Required work: Every record must come back unchanged, apart from the pictures, which are dropped.

Raw data:
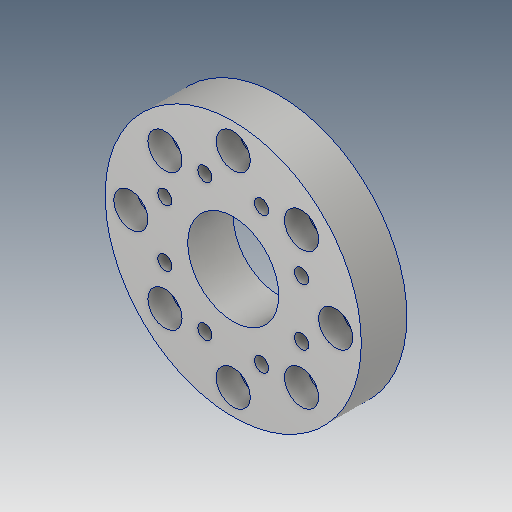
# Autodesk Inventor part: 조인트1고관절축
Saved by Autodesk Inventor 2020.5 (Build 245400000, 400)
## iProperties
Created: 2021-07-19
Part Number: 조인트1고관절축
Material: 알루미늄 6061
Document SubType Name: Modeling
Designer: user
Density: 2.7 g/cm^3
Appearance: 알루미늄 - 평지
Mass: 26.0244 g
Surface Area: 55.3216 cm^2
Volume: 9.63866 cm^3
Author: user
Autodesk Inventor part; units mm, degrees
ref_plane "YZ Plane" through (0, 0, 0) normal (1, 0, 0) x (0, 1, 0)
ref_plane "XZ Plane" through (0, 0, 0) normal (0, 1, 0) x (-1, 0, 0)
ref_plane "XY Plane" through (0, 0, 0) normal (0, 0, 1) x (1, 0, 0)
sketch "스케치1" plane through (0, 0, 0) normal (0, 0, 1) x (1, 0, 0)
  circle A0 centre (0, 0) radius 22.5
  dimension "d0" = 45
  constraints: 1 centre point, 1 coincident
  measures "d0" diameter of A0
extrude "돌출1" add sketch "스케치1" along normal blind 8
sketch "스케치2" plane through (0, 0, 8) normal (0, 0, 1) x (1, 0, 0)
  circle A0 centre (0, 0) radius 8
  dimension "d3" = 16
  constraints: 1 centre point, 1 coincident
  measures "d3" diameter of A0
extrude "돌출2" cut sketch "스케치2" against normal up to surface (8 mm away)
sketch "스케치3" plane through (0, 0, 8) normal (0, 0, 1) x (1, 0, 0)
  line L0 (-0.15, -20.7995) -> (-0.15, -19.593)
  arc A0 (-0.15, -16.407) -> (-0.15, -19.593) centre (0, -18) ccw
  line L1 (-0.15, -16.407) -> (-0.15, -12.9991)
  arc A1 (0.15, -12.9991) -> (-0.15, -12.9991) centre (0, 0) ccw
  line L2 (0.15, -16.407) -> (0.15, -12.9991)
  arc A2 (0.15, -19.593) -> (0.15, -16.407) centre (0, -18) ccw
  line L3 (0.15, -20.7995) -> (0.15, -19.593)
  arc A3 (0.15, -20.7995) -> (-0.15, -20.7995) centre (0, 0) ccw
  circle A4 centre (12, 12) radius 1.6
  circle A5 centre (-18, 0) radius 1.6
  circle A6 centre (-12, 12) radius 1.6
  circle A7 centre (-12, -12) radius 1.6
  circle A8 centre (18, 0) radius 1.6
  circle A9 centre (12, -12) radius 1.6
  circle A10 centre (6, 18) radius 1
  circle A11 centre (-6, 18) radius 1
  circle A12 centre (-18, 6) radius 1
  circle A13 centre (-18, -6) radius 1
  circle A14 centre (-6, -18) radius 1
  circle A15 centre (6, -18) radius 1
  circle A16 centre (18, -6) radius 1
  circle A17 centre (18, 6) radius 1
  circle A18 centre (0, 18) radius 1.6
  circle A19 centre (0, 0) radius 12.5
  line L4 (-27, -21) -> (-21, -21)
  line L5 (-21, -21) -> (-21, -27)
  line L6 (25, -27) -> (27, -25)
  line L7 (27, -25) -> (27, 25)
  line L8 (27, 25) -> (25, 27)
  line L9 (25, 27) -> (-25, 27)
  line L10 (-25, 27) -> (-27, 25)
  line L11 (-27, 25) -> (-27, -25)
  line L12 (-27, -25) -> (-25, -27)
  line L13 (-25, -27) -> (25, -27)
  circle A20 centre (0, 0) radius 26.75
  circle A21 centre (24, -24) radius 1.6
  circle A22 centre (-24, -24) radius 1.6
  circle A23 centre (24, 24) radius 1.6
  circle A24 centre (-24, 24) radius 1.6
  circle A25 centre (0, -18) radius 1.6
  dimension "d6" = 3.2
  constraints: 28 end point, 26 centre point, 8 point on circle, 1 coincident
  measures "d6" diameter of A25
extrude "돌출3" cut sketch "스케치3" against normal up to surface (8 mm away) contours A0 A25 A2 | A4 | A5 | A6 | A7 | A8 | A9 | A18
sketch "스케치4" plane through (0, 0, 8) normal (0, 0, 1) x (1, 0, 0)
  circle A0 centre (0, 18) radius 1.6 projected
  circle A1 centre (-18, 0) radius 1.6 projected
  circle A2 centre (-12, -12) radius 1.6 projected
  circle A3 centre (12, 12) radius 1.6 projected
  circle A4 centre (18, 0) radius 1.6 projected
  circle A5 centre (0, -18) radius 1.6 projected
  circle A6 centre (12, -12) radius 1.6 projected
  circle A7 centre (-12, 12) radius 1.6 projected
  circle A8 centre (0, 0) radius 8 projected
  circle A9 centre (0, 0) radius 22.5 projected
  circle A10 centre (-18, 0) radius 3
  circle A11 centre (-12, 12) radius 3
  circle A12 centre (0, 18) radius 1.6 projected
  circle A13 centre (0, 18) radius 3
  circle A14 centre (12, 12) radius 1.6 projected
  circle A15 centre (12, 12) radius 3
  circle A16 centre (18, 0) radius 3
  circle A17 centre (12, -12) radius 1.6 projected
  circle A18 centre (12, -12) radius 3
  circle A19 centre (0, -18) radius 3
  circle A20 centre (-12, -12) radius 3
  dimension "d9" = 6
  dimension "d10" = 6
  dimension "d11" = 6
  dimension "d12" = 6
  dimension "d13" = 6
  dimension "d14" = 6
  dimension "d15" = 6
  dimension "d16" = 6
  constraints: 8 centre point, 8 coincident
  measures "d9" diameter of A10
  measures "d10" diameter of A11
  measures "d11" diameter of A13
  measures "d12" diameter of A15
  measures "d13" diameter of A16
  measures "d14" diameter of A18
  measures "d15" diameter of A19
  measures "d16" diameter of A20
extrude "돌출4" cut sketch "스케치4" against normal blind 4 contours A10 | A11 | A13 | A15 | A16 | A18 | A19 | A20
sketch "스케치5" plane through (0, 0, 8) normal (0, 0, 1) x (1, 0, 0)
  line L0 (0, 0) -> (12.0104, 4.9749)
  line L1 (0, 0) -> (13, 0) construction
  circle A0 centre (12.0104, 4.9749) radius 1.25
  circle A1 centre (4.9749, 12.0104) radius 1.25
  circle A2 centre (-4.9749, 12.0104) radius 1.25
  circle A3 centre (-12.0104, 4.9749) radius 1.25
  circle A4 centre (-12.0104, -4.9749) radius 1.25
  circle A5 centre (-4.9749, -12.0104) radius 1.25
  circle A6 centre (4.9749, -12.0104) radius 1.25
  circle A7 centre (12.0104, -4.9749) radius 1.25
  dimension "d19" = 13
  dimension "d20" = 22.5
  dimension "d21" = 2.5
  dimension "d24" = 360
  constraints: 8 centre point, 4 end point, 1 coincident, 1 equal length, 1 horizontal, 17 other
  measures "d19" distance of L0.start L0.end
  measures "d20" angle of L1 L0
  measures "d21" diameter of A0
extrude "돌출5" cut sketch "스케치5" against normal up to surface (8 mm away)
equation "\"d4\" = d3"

Answer box:
# Autodesk Inventor part: 조인트1고관절축
Saved by Autodesk Inventor 2020.5 (Build 245400000, 400)
## iProperties
Created: 2021-07-19
Part Number: 조인트1고관절축
Material: 알루미늄 6061
Document SubType Name: Modeling
Designer: user
Density: 2.7 g/cm^3
Appearance: 알루미늄 - 평지
Mass: 26.0244 g
Surface Area: 55.3216 cm^2
Volume: 9.63866 cm^3
Author: user
Autodesk Inventor part; units mm, degrees
ref_plane "YZ Plane" through (0, 0, 0) normal (1, 0, 0) x (0, 1, 0)
ref_plane "XZ Plane" through (0, 0, 0) normal (0, 1, 0) x (-1, 0, 0)
ref_plane "XY Plane" through (0, 0, 0) normal (0, 0, 1) x (1, 0, 0)
sketch "스케치1" plane through (0, 0, 0) normal (0, 0, 1) x (1, 0, 0)
  circle A0 centre (0, 0) radius 22.5
  dimension "d0" = 45
  constraints: 1 centre point, 1 coincident
  measures "d0" diameter of A0
extrude "돌출1" add sketch "스케치1" along normal blind 8
sketch "스케치2" plane through (0, 0, 8) normal (0, 0, 1) x (1, 0, 0)
  circle A0 centre (0, 0) radius 8
  dimension "d3" = 16
  constraints: 1 centre point, 1 coincident
  measures "d3" diameter of A0
extrude "돌출2" cut sketch "스케치2" against normal up to surface (8 mm away)
sketch "스케치3" plane through (0, 0, 8) normal (0, 0, 1) x (1, 0, 0)
  line L0 (-0.15, -20.7995) -> (-0.15, -19.593)
  arc A0 (-0.15, -16.407) -> (-0.15, -19.593) centre (0, -18) ccw
  line L1 (-0.15, -16.407) -> (-0.15, -12.9991)
  arc A1 (0.15, -12.9991) -> (-0.15, -12.9991) centre (0, 0) ccw
  line L2 (0.15, -16.407) -> (0.15, -12.9991)
  arc A2 (0.15, -19.593) -> (0.15, -16.407) centre (0, -18) ccw
  line L3 (0.15, -20.7995) -> (0.15, -19.593)
  arc A3 (0.15, -20.7995) -> (-0.15, -20.7995) centre (0, 0) ccw
  circle A4 centre (12, 12) radius 1.6
  circle A5 centre (-18, 0) radius 1.6
  circle A6 centre (-12, 12) radius 1.6
  circle A7 centre (-12, -12) radius 1.6
  circle A8 centre (18, 0) radius 1.6
  circle A9 centre (12, -12) radius 1.6
  circle A10 centre (6, 18) radius 1
  circle A11 centre (-6, 18) radius 1
  circle A12 centre (-18, 6) radius 1
  circle A13 centre (-18, -6) radius 1
  circle A14 centre (-6, -18) radius 1
  circle A15 centre (6, -18) radius 1
  circle A16 centre (18, -6) radius 1
  circle A17 centre (18, 6) radius 1
  circle A18 centre (0, 18) radius 1.6
  circle A19 centre (0, 0) radius 12.5
  line L4 (-27, -21) -> (-21, -21)
  line L5 (-21, -21) -> (-21, -27)
  line L6 (25, -27) -> (27, -25)
  line L7 (27, -25) -> (27, 25)
  line L8 (27, 25) -> (25, 27)
  line L9 (25, 27) -> (-25, 27)
  line L10 (-25, 27) -> (-27, 25)
  line L11 (-27, 25) -> (-27, -25)
  line L12 (-27, -25) -> (-25, -27)
  line L13 (-25, -27) -> (25, -27)
  circle A20 centre (0, 0) radius 26.75
  circle A21 centre (24, -24) radius 1.6
  circle A22 centre (-24, -24) radius 1.6
  circle A23 centre (24, 24) radius 1.6
  circle A24 centre (-24, 24) radius 1.6
  circle A25 centre (0, -18) radius 1.6
  dimension "d6" = 3.2
  constraints: 28 end point, 26 centre point, 8 point on circle, 1 coincident
  measures "d6" diameter of A25
extrude "돌출3" cut sketch "스케치3" against normal up to surface (8 mm away) contours A0 A25 A2 | A4 | A5 | A6 | A7 | A8 | A9 | A18
sketch "스케치4" plane through (0, 0, 8) normal (0, 0, 1) x (1, 0, 0)
  circle A0 centre (0, 18) radius 1.6 projected
  circle A1 centre (-18, 0) radius 1.6 projected
  circle A2 centre (-12, -12) radius 1.6 projected
  circle A3 centre (12, 12) radius 1.6 projected
  circle A4 centre (18, 0) radius 1.6 projected
  circle A5 centre (0, -18) radius 1.6 projected
  circle A6 centre (12, -12) radius 1.6 projected
  circle A7 centre (-12, 12) radius 1.6 projected
  circle A8 centre (0, 0) radius 8 projected
  circle A9 centre (0, 0) radius 22.5 projected
  circle A10 centre (-18, 0) radius 3
  circle A11 centre (-12, 12) radius 3
  circle A12 centre (0, 18) radius 1.6 projected
  circle A13 centre (0, 18) radius 3
  circle A14 centre (12, 12) radius 1.6 projected
  circle A15 centre (12, 12) radius 3
  circle A16 centre (18, 0) radius 3
  circle A17 centre (12, -12) radius 1.6 projected
  circle A18 centre (12, -12) radius 3
  circle A19 centre (0, -18) radius 3
  circle A20 centre (-12, -12) radius 3
  dimension "d9" = 6
  dimension "d10" = 6
  dimension "d11" = 6
  dimension "d12" = 6
  dimension "d13" = 6
  dimension "d14" = 6
  dimension "d15" = 6
  dimension "d16" = 6
  constraints: 8 centre point, 8 coincident
  measures "d9" diameter of A10
  measures "d10" diameter of A11
  measures "d11" diameter of A13
  measures "d12" diameter of A15
  measures "d13" diameter of A16
  measures "d14" diameter of A18
  measures "d15" diameter of A19
  measures "d16" diameter of A20
extrude "돌출4" cut sketch "스케치4" against normal blind 4 contours A10 | A11 | A13 | A15 | A16 | A18 | A19 | A20
sketch "스케치5" plane through (0, 0, 8) normal (0, 0, 1) x (1, 0, 0)
  line L0 (0, 0) -> (12.0104, 4.9749)
  line L1 (0, 0) -> (13, 0) construction
  circle A0 centre (12.0104, 4.9749) radius 1.25
  circle A1 centre (4.9749, 12.0104) radius 1.25
  circle A2 centre (-4.9749, 12.0104) radius 1.25
  circle A3 centre (-12.0104, 4.9749) radius 1.25
  circle A4 centre (-12.0104, -4.9749) radius 1.25
  circle A5 centre (-4.9749, -12.0104) radius 1.25
  circle A6 centre (4.9749, -12.0104) radius 1.25
  circle A7 centre (12.0104, -4.9749) radius 1.25
  dimension "d19" = 13
  dimension "d20" = 22.5
  dimension "d21" = 2.5
  dimension "d24" = 360
  constraints: 8 centre point, 4 end point, 1 coincident, 1 equal length, 1 horizontal, 17 other
  measures "d19" distance of L0.start L0.end
  measures "d20" angle of L1 L0
  measures "d21" diameter of A0
extrude "돌출5" cut sketch "스케치5" against normal up to surface (8 mm away)
equation "\"d4\" = d3"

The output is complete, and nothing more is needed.